Am I correct that 'ubiegłbym' comes from the verb 'ubiegnąć'? Does this mean prevent? And what about 'ubiec', is this a verb? I was under the impression that every Polish verb ended with 'ć'?


----------



## volkonsky

'ubieglbym' is the conditional form of 'ubiec' and means 'run away'. (So in this case I suppose it means something like 'to escape/prevent fate')  Ubiec is the perfective form of ubiegac, there are a number of Polish verbs that differ from the usual ć-ending.


----------



## Wiatrak

Thanks volkonsky. This shows that inductive logic sometimes leads to wrong conclusions. I suppose there are no rules for verbs ending on 'c' instead of 'ć'.


----------



## volkonsky

Sorry, there was an error in my last post - ubiec is the perfective form of ubiegać. Ubiegnąć is an alternative form of ubiec. They're conjugated the same way. (ubiegnę, ubiegniesz)


----------



## BezierCurve

Just wanted to note that "ubiec"/"ubiegnąć" has a slightly diffrent meaning from "to run away", which would be "zbiec" (alt.: "uciec", "ujść").

"Ubiec kogoś/coś" means to act faster than sb/sth in achieving a particular goal or preventing something from happening, just like Wiatrak had translated it for the first time:

"Chciałem umówić się z Moniką, ale Andrzej mnie ubiegł." 
> "I wanted to date Monika, but Andrzej was faster."

"Chciałem ubiec swój los, ale pozwoliłem na to, że odeszłaś."
> "I wanted to prevent the fate [from happening], but I let you go."

Other (perfective) verbs constructed with the stem "biec" (to run):

dobiec [do] (to get somewhere - running),
pobiec [do] (to have run somewhere),
podbiec [do] (to run close to),
przebiec (run through, run across),
przybiec [do] (to arrive somewhere - running),
wybiec [z] (run out from),
nabiec [do] (to leak into),
nadbiec (to come running suddenly),
odbiec [od] (to run away from),
obiec (to run around sth),
zabiec (to run in sb's way),
wbiec [do] (to run into), 
rozbiec [się - reflex.] (to have a running start or to disperse (about a crowd)).

PS. In case you run across another meaning of "ubiec" - to pass - usually about a period of time.
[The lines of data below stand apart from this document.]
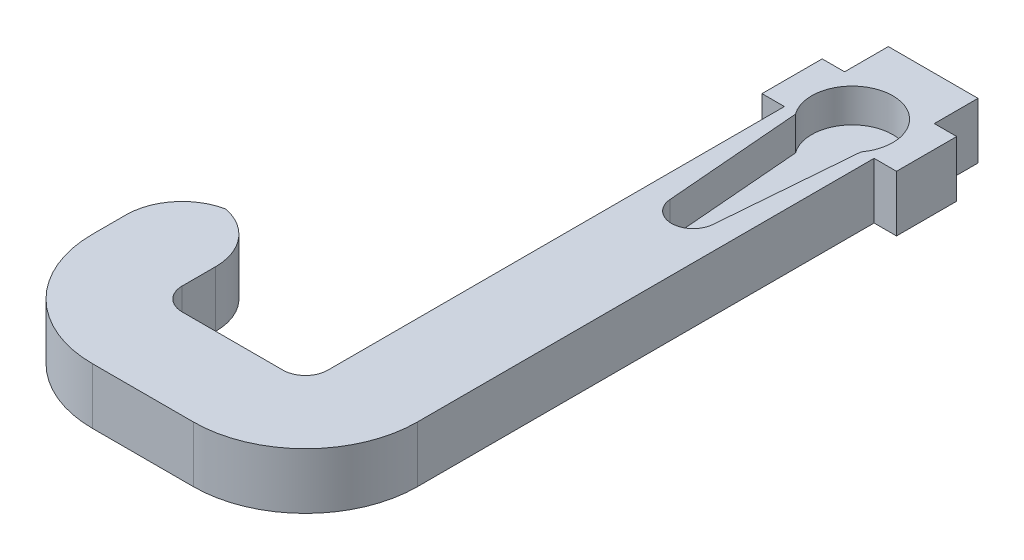
ISO-10303-21;
HEADER;
FILE_DESCRIPTION(('STEP AP214'),'2;1');
FILE_NAME('part.step','',(''),(''),'','','');
FILE_SCHEMA(('AUTOMOTIVE_DESIGN { 1 0 10303 214 1 1 1 1 }'));
ENDSEC;
DATA;
#1=APPLICATION_CONTEXT('core data for automotive mechanical design processes');
#2=APPLICATION_PROTOCOL_DEFINITION('international standard','automotive_design',2000,#1);
#3=PRODUCT_CONTEXT('',#1,'mechanical');
#4=PRODUCT('Part','Part','',(#3));
#5=PRODUCT_RELATED_PRODUCT_CATEGORY('part','',(#4));
#6=PRODUCT_DEFINITION_FORMATION('','',#4);
#7=PRODUCT_DEFINITION_CONTEXT('part definition',#1,'design');
#8=PRODUCT_DEFINITION('design','',#6,#7);
#9=PRODUCT_DEFINITION_SHAPE('','',#8);
#10=(LENGTH_UNIT() NAMED_UNIT(*) SI_UNIT(.MILLI.,.METRE.));
#11=(NAMED_UNIT(*) PLANE_ANGLE_UNIT() SI_UNIT($,.RADIAN.));
#12=(NAMED_UNIT(*) SI_UNIT($,.STERADIAN.) SOLID_ANGLE_UNIT());
#13=UNCERTAINTY_MEASURE_WITH_UNIT(LENGTH_MEASURE(1.E-05),#10,'distance_accuracy_value','');
#14=(GEOMETRIC_REPRESENTATION_CONTEXT(3) GLOBAL_UNCERTAINTY_ASSIGNED_CONTEXT((#13)) GLOBAL_UNIT_ASSIGNED_CONTEXT((#10,
#11,#12)) REPRESENTATION_CONTEXT('',''));
#15=CARTESIAN_POINT('',(0.,0.,0.));
#16=DIRECTION('',(0.,0.,1.));
#17=DIRECTION('',(1.,0.,0.));
#18=AXIS2_PLACEMENT_3D('',#15,#16,#17);
#19=CARTESIAN_POINT('',(21.,5.,-52.1));
#20=DIRECTION('',(-1.,0.,0.));
#21=DIRECTION('',(0.,0.,1.));
#22=AXIS2_PLACEMENT_3D('',#19,#20,#21);
#23=PLANE('',#22);
#24=DIRECTION('',(0.,0.,-1.));
#25=VECTOR('',#24,1.);
#26=CARTESIAN_POINT('',(21.,0.,-52.1));
#27=LINE('',#26,#25);
#28=CARTESIAN_POINT('',(21.,0.,-52.1));
#29=VERTEX_POINT('',#28);
#30=CARTESIAN_POINT('',(21.,0.,-56.));
#31=VERTEX_POINT('',#30);
#32=EDGE_CURVE('E261',#29,#31,#27,.T.);
#33=ORIENTED_EDGE('',*,*,#32,.T.);
#34=DIRECTION('',(0.,-1.,0.));
#35=VECTOR('',#34,1.);
#36=CARTESIAN_POINT('',(21.,5.,-56.));
#37=LINE('',#36,#35);
#38=CARTESIAN_POINT('',(21.,5.,-56.));
#39=VERTEX_POINT('',#38);
#40=EDGE_CURVE('E398',#39,#31,#37,.T.);
#41=ORIENTED_EDGE('',*,*,#40,.F.);
#42=DIRECTION('',(0.,0.,-1.));
#43=VECTOR('',#42,1.);
#44=CARTESIAN_POINT('',(21.,5.,-52.1));
#45=LINE('',#44,#43);
#46=CARTESIAN_POINT('',(21.,5.,-52.1));
#47=VERTEX_POINT('',#46);
#48=EDGE_CURVE('E267',#47,#39,#45,.T.);
#49=ORIENTED_EDGE('',*,*,#48,.F.);
#50=DIRECTION('',(0.,-1.,0.));
#51=VECTOR('',#50,1.);
#52=CARTESIAN_POINT('',(21.,5.,-52.1));
#53=LINE('',#52,#51);
#54=EDGE_CURVE('E316',#47,#29,#53,.T.);
#55=ORIENTED_EDGE('',*,*,#54,.T.);
#56=EDGE_LOOP('',(#33,#41,#49,#55));
#57=FACE_BOUND('',#56,.T.);
#58=ADVANCED_FACE('F43',(#57),#23,.F.);
#59=CARTESIAN_POINT('',(13.,5.,-56.));
#60=DIRECTION('',(0.,0.,1.));
#61=DIRECTION('',(1.,0.,0.));
#62=AXIS2_PLACEMENT_3D('',#59,#60,#61);
#63=PLANE('',#62);
#64=DIRECTION('',(-1.,0.,0.));
#65=VECTOR('',#64,1.);
#66=CARTESIAN_POINT('',(13.,0.,-56.));
#67=LINE('',#66,#65);
#68=CARTESIAN_POINT('',(13.,0.,-56.));
#69=VERTEX_POINT('',#68);
#70=EDGE_CURVE('E320',#31,#69,#67,.T.);
#71=ORIENTED_EDGE('',*,*,#70,.T.);
#72=DIRECTION('',(0.,-1.,0.));
#73=VECTOR('',#72,1.);
#74=CARTESIAN_POINT('',(13.,5.,-56.));
#75=LINE('',#74,#73);
#76=CARTESIAN_POINT('',(13.,5.,-56.));
#77=VERTEX_POINT('',#76);
#78=EDGE_CURVE('E394',#77,#69,#75,.T.);
#79=ORIENTED_EDGE('',*,*,#78,.F.);
#80=DIRECTION('',(-1.,0.,0.));
#81=VECTOR('',#80,1.);
#82=CARTESIAN_POINT('',(13.,5.,-56.));
#83=LINE('',#82,#81);
#84=EDGE_CURVE('E271',#39,#77,#83,.T.);
#85=ORIENTED_EDGE('',*,*,#84,.F.);
#86=ORIENTED_EDGE('',*,*,#40,.T.);
#87=EDGE_LOOP('',(#71,#79,#85,#86));
#88=FACE_BOUND('',#87,.T.);
#89=ADVANCED_FACE('F516',(#88),#63,.F.);
#90=CARTESIAN_POINT('',(13.,5.,-52.1));
#91=DIRECTION('',(1.,0.,0.));
#92=DIRECTION('',(0.,0.,-1.));
#93=AXIS2_PLACEMENT_3D('',#90,#91,#92);
#94=PLANE('',#93);
#95=DIRECTION('',(0.,0.,1.));
#96=VECTOR('',#95,1.);
#97=CARTESIAN_POINT('',(13.,0.,-52.1));
#98=LINE('',#97,#96);
#99=CARTESIAN_POINT('',(13.,0.,-52.1));
#100=VERTEX_POINT('',#99);
#101=EDGE_CURVE('E323',#69,#100,#98,.T.);
#102=ORIENTED_EDGE('',*,*,#101,.T.);
#103=DIRECTION('',(0.,-1.,0.));
#104=VECTOR('',#103,1.);
#105=CARTESIAN_POINT('',(13.,5.,-52.1));
#106=LINE('',#105,#104);
#107=CARTESIAN_POINT('',(13.,5.,-52.1));
#108=VERTEX_POINT('',#107);
#109=EDGE_CURVE('E390',#108,#100,#106,.T.);
#110=ORIENTED_EDGE('',*,*,#109,.F.);
#111=DIRECTION('',(0.,0.,1.));
#112=VECTOR('',#111,1.);
#113=CARTESIAN_POINT('',(13.,5.,-52.1));
#114=LINE('',#113,#112);
#115=EDGE_CURVE('E275',#77,#108,#114,.T.);
#116=ORIENTED_EDGE('',*,*,#115,.F.);
#117=ORIENTED_EDGE('',*,*,#78,.T.);
#118=EDGE_LOOP('',(#102,#110,#116,#117));
#119=FACE_BOUND('',#118,.T.);
#120=ADVANCED_FACE('F512',(#119),#94,.F.);
#121=CARTESIAN_POINT('',(11.,5.,-52.1));
#122=DIRECTION('',(0.,0.,1.));
#123=DIRECTION('',(1.,0.,0.));
#124=AXIS2_PLACEMENT_3D('',#121,#122,#123);
#125=PLANE('',#124);
#126=DIRECTION('',(-1.,0.,0.));
#127=VECTOR('',#126,1.);
#128=CARTESIAN_POINT('',(11.,0.,-52.1));
#129=LINE('',#128,#127);
#130=CARTESIAN_POINT('',(11.,0.,-52.1));
#131=VERTEX_POINT('',#130);
#132=EDGE_CURVE('E326',#100,#131,#129,.T.);
#133=ORIENTED_EDGE('',*,*,#132,.T.);
#134=DIRECTION('',(0.,-1.,0.));
#135=VECTOR('',#134,1.);
#136=CARTESIAN_POINT('',(11.,5.,-52.1));
#137=LINE('',#136,#135);
#138=CARTESIAN_POINT('',(11.,5.,-52.1));
#139=VERTEX_POINT('',#138);
#140=EDGE_CURVE('E386',#139,#131,#137,.T.);
#141=ORIENTED_EDGE('',*,*,#140,.F.);
#142=DIRECTION('',(-1.,0.,0.));
#143=VECTOR('',#142,1.);
#144=CARTESIAN_POINT('',(11.,5.,-52.1));
#145=LINE('',#144,#143);
#146=EDGE_CURVE('E278',#108,#139,#145,.T.);
#147=ORIENTED_EDGE('',*,*,#146,.F.);
#148=ORIENTED_EDGE('',*,*,#109,.T.);
#149=EDGE_LOOP('',(#133,#141,#147,#148));
#150=FACE_BOUND('',#149,.T.);
#151=ADVANCED_FACE('F507',(#150),#125,.F.);
#152=CARTESIAN_POINT('',(11.,5.,-52.1));
#153=DIRECTION('',(1.,0.,0.));
#154=DIRECTION('',(0.,0.,-1.));
#155=AXIS2_PLACEMENT_3D('',#152,#153,#154);
#156=PLANE('',#155);
#157=DIRECTION('',(0.,0.,1.));
#158=VECTOR('',#157,1.);
#159=CARTESIAN_POINT('',(11.,0.,-52.1));
#160=LINE('',#159,#158);
#161=CARTESIAN_POINT('',(11.,0.,-46.73));
#162=VERTEX_POINT('',#161);
#163=EDGE_CURVE('E329',#131,#162,#160,.T.);
#164=ORIENTED_EDGE('',*,*,#163,.T.);
#165=DIRECTION('',(0.,-1.,0.));
#166=VECTOR('',#165,1.);
#167=CARTESIAN_POINT('',(11.,5.,-46.73));
#168=LINE('',#167,#166);
#169=CARTESIAN_POINT('',(11.,5.,-46.73));
#170=VERTEX_POINT('',#169);
#171=EDGE_CURVE('E382',#170,#162,#168,.T.);
#172=ORIENTED_EDGE('',*,*,#171,.F.);
#173=DIRECTION('',(0.,0.,1.));
#174=VECTOR('',#173,1.);
#175=CARTESIAN_POINT('',(11.,5.,-52.1));
#176=LINE('',#175,#174);
#177=EDGE_CURVE('E281',#139,#170,#176,.T.);
#178=ORIENTED_EDGE('',*,*,#177,.F.);
#179=ORIENTED_EDGE('',*,*,#140,.T.);
#180=EDGE_LOOP('',(#164,#172,#178,#179));
#181=FACE_BOUND('',#180,.T.);
#182=ADVANCED_FACE('F503',(#181),#156,.F.);
#183=CARTESIAN_POINT('',(11.,5.,-46.73));
#184=DIRECTION('',(0.,0.,-1.));
#185=DIRECTION('',(-1.,0.,0.));
#186=AXIS2_PLACEMENT_3D('',#183,#184,#185);
#187=PLANE('',#186);
#188=DIRECTION('',(1.,0.,0.));
#189=VECTOR('',#188,1.);
#190=CARTESIAN_POINT('',(11.,0.,-46.73));
#191=LINE('',#190,#189);
#192=CARTESIAN_POINT('',(13.,0.,-46.73));
#193=VERTEX_POINT('',#192);
#194=EDGE_CURVE('E332',#162,#193,#191,.T.);
#195=ORIENTED_EDGE('',*,*,#194,.T.);
#196=DIRECTION('',(0.,-1.,0.));
#197=VECTOR('',#196,1.);
#198=CARTESIAN_POINT('',(13.,5.,-46.73));
#199=LINE('',#198,#197);
#200=CARTESIAN_POINT('',(13.,5.,-46.73));
#201=VERTEX_POINT('',#200);
#202=EDGE_CURVE('E378',#201,#193,#199,.T.);
#203=ORIENTED_EDGE('',*,*,#202,.F.);
#204=DIRECTION('',(1.,0.,0.));
#205=VECTOR('',#204,1.);
#206=CARTESIAN_POINT('',(11.,5.,-46.73));
#207=LINE('',#206,#205);
#208=EDGE_CURVE('E284',#170,#201,#207,.T.);
#209=ORIENTED_EDGE('',*,*,#208,.F.);
#210=ORIENTED_EDGE('',*,*,#171,.T.);
#211=EDGE_LOOP('',(#195,#203,#209,#210));
#212=FACE_BOUND('',#211,.T.);
#213=ADVANCED_FACE('F499',(#212),#187,.F.);
#214=CARTESIAN_POINT('',(13.,5.,-4.));
#215=DIRECTION('',(1.,0.,0.));
#216=DIRECTION('',(0.,0.,-1.));
#217=AXIS2_PLACEMENT_3D('',#214,#215,#216);
#218=PLANE('',#217);
#219=DIRECTION('',(0.,0.,1.));
#220=VECTOR('',#219,1.);
#221=CARTESIAN_POINT('',(13.,0.,-4.));
#222=LINE('',#221,#220);
#223=CARTESIAN_POINT('',(13.,0.,-6.00000000000001));
#224=VERTEX_POINT('',#223);
#225=EDGE_CURVE('E335',#193,#224,#222,.T.);
#226=ORIENTED_EDGE('',*,*,#225,.T.);
#227=DIRECTION('',(0.,-1.,0.));
#228=VECTOR('',#227,1.);
#229=CARTESIAN_POINT('',(13.,5.,-6.00000000000001));
#230=LINE('',#229,#228);
#231=CARTESIAN_POINT('',(13.,5.,-6.00000000000001));
#232=VERTEX_POINT('',#231);
#233=EDGE_CURVE('E59',#224,#232,#230,.F.);
#234=ORIENTED_EDGE('',*,*,#233,.T.);
#235=DIRECTION('',(0.,0.,1.));
#236=VECTOR('',#235,1.);
#237=CARTESIAN_POINT('',(13.,5.,-4.));
#238=LINE('',#237,#236);
#239=EDGE_CURVE('E287',#201,#232,#238,.T.);
#240=ORIENTED_EDGE('',*,*,#239,.F.);
#241=ORIENTED_EDGE('',*,*,#202,.T.);
#242=EDGE_LOOP('',(#226,#234,#240,#241));
#243=FACE_BOUND('',#242,.T.);
#244=ADVANCED_FACE('F494',(#243),#218,.F.);
#245=CARTESIAN_POINT('',(0.,5.,-4.));
#246=DIRECTION('',(0.,0.,1.));
#247=DIRECTION('',(1.,0.,0.));
#248=AXIS2_PLACEMENT_3D('',#245,#246,#247);
#249=PLANE('',#248);
#250=DIRECTION('',(-1.,0.,0.));
#251=VECTOR('',#250,1.);
#252=CARTESIAN_POINT('',(0.,0.,-4.));
#253=LINE('',#252,#251);
#254=CARTESIAN_POINT('',(11.,0.,-4.));
#255=VERTEX_POINT('',#254);
#256=CARTESIAN_POINT('',(2.,0.,-4.));
#257=VERTEX_POINT('',#256);
#258=EDGE_CURVE('E338',#255,#257,#253,.T.);
#259=ORIENTED_EDGE('',*,*,#258,.T.);
#260=DIRECTION('',(0.,-1.,0.));
#261=VECTOR('',#260,1.);
#262=CARTESIAN_POINT('',(2.,5.,-4.));
#263=LINE('',#262,#261);
#264=CARTESIAN_POINT('',(2.,5.,-4.));
#265=VERTEX_POINT('',#264);
#266=EDGE_CURVE('E461',#257,#265,#263,.F.);
#267=ORIENTED_EDGE('',*,*,#266,.T.);
#268=DIRECTION('',(-1.,0.,0.));
#269=VECTOR('',#268,1.);
#270=CARTESIAN_POINT('',(0.,5.,-4.));
#271=LINE('',#270,#269);
#272=CARTESIAN_POINT('',(11.,5.,-4.));
#273=VERTEX_POINT('',#272);
#274=EDGE_CURVE('E290',#273,#265,#271,.T.);
#275=ORIENTED_EDGE('',*,*,#274,.F.);
#276=DIRECTION('',(0.,-1.,0.));
#277=VECTOR('',#276,1.);
#278=CARTESIAN_POINT('',(11.,0.,-4.));
#279=LINE('',#278,#277);
#280=EDGE_CURVE('E457',#273,#255,#279,.T.);
#281=ORIENTED_EDGE('',*,*,#280,.T.);
#282=EDGE_LOOP('',(#259,#267,#275,#281));
#283=FACE_BOUND('',#282,.T.);
#284=ADVANCED_FACE('F488',(#283),#249,.F.);
#285=CARTESIAN_POINT('',(0.,5.,-4.));
#286=DIRECTION('',(-1.,0.,0.));
#287=DIRECTION('',(0.,0.,1.));
#288=AXIS2_PLACEMENT_3D('',#285,#286,#287);
#289=PLANE('',#288);
#290=DIRECTION('',(0.,0.,-1.));
#291=VECTOR('',#290,1.);
#292=CARTESIAN_POINT('',(0.,5.,-4.));
#293=LINE('',#292,#291);
#294=CARTESIAN_POINT('',(0.,5.,-6.));
#295=VERTEX_POINT('',#294);
#296=CARTESIAN_POINT('',(0.,5.,-9.));
#297=VERTEX_POINT('',#296);
#298=EDGE_CURVE('E294',#295,#297,#293,.T.);
#299=ORIENTED_EDGE('',*,*,#298,.F.);
#300=DIRECTION('',(0.,-1.,0.));
#301=VECTOR('',#300,1.);
#302=CARTESIAN_POINT('',(0.,0.,-6.));
#303=LINE('',#302,#301);
#304=CARTESIAN_POINT('',(0.,0.,-6.));
#305=VERTEX_POINT('',#304);
#306=EDGE_CURVE('E450',#295,#305,#303,.T.);
#307=ORIENTED_EDGE('',*,*,#306,.T.);
#308=DIRECTION('',(0.,0.,-1.));
#309=VECTOR('',#308,1.);
#310=CARTESIAN_POINT('',(0.,0.,-4.));
#311=LINE('',#310,#309);
#312=CARTESIAN_POINT('',(0.,0.,-9.));
#313=VERTEX_POINT('',#312);
#314=EDGE_CURVE('E342',#305,#313,#311,.T.);
#315=ORIENTED_EDGE('',*,*,#314,.T.);
#316=DIRECTION('',(0.,-1.,0.));
#317=VECTOR('',#316,1.);
#318=CARTESIAN_POINT('',(0.,5.,-9.));
#319=LINE('',#318,#317);
#320=EDGE_CURVE('E437',#313,#297,#319,.F.);
#321=ORIENTED_EDGE('',*,*,#320,.T.);
#322=EDGE_LOOP('',(#299,#307,#315,#321));
#323=FACE_BOUND('',#322,.T.);
#324=ADVANCED_FACE('F482',(#323),#289,.F.);
#325=CARTESIAN_POINT('',(-8.,5.,3.99999999999999));
#326=DIRECTION('',(1.,0.,0.));
#327=DIRECTION('',(0.,0.,-1.));
#328=AXIS2_PLACEMENT_3D('',#325,#326,#327);
#329=PLANE('',#328);
#330=DIRECTION('',(0.,0.,1.));
#331=VECTOR('',#330,1.);
#332=CARTESIAN_POINT('',(-8.,5.,3.99999999999999));
#333=LINE('',#332,#331);
#334=CARTESIAN_POINT('',(-8.,5.,-9.));
#335=VERTEX_POINT('',#334);
#336=CARTESIAN_POINT('',(-8.,5.,-6.));
#337=VERTEX_POINT('',#336);
#338=EDGE_CURVE('E297',#335,#337,#333,.T.);
#339=ORIENTED_EDGE('',*,*,#338,.F.);
#340=DIRECTION('',(0.,-1.,0.));
#341=VECTOR('',#340,1.);
#342=CARTESIAN_POINT('',(-8.,5.,-9.));
#343=LINE('',#342,#341);
#344=CARTESIAN_POINT('',(-8.,0.,-9.));
#345=VERTEX_POINT('',#344);
#346=EDGE_CURVE('E447',#335,#345,#343,.T.);
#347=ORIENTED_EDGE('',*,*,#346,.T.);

Hence "ubiegły rok" = "last year" ("the year that has just passed").


----------



## Thomas1

An alternative translation of 'ubiegać/ubiec kogoś' may be 'beat someone to it/the punch'.
Apart from the meanings of 'ubiec' given by Bezier, it can also mean 'run', but it's not used often in this meaning.


----------



## Wiatrak

Maybe another possibility is to 'outrun'. In this case: 'ubiec los' would become 'to outrun fate'.


----------



## kknd

Thomas1 said:


> An alternative translation of 'ubiec kogoś' may be 'beat someone to it/the punch'.
> Apart from the meanings of 'ubiec' given by Bezier, it can also mean 'run', but it's not used often in this meaning.



_ubiec kogoś_?! pierwsze słyszę... a nie _ubić kogoś_?


----------



## Thomas1

I would say that it has a bit different connotation, it is more like 'prześcignąć'. Their connotation is purely contected to motion, and it gushes out. You could have used 'prześcignąć' in the original, but it wouldn't sound that natural as 'ubiegać', which, in the original sentence, doesn't have this connotation.


----------



## Thomas1

kknd said:


> _ubiec kogoś_?! pierwsze słyszę... a nie _ubić kogoś_?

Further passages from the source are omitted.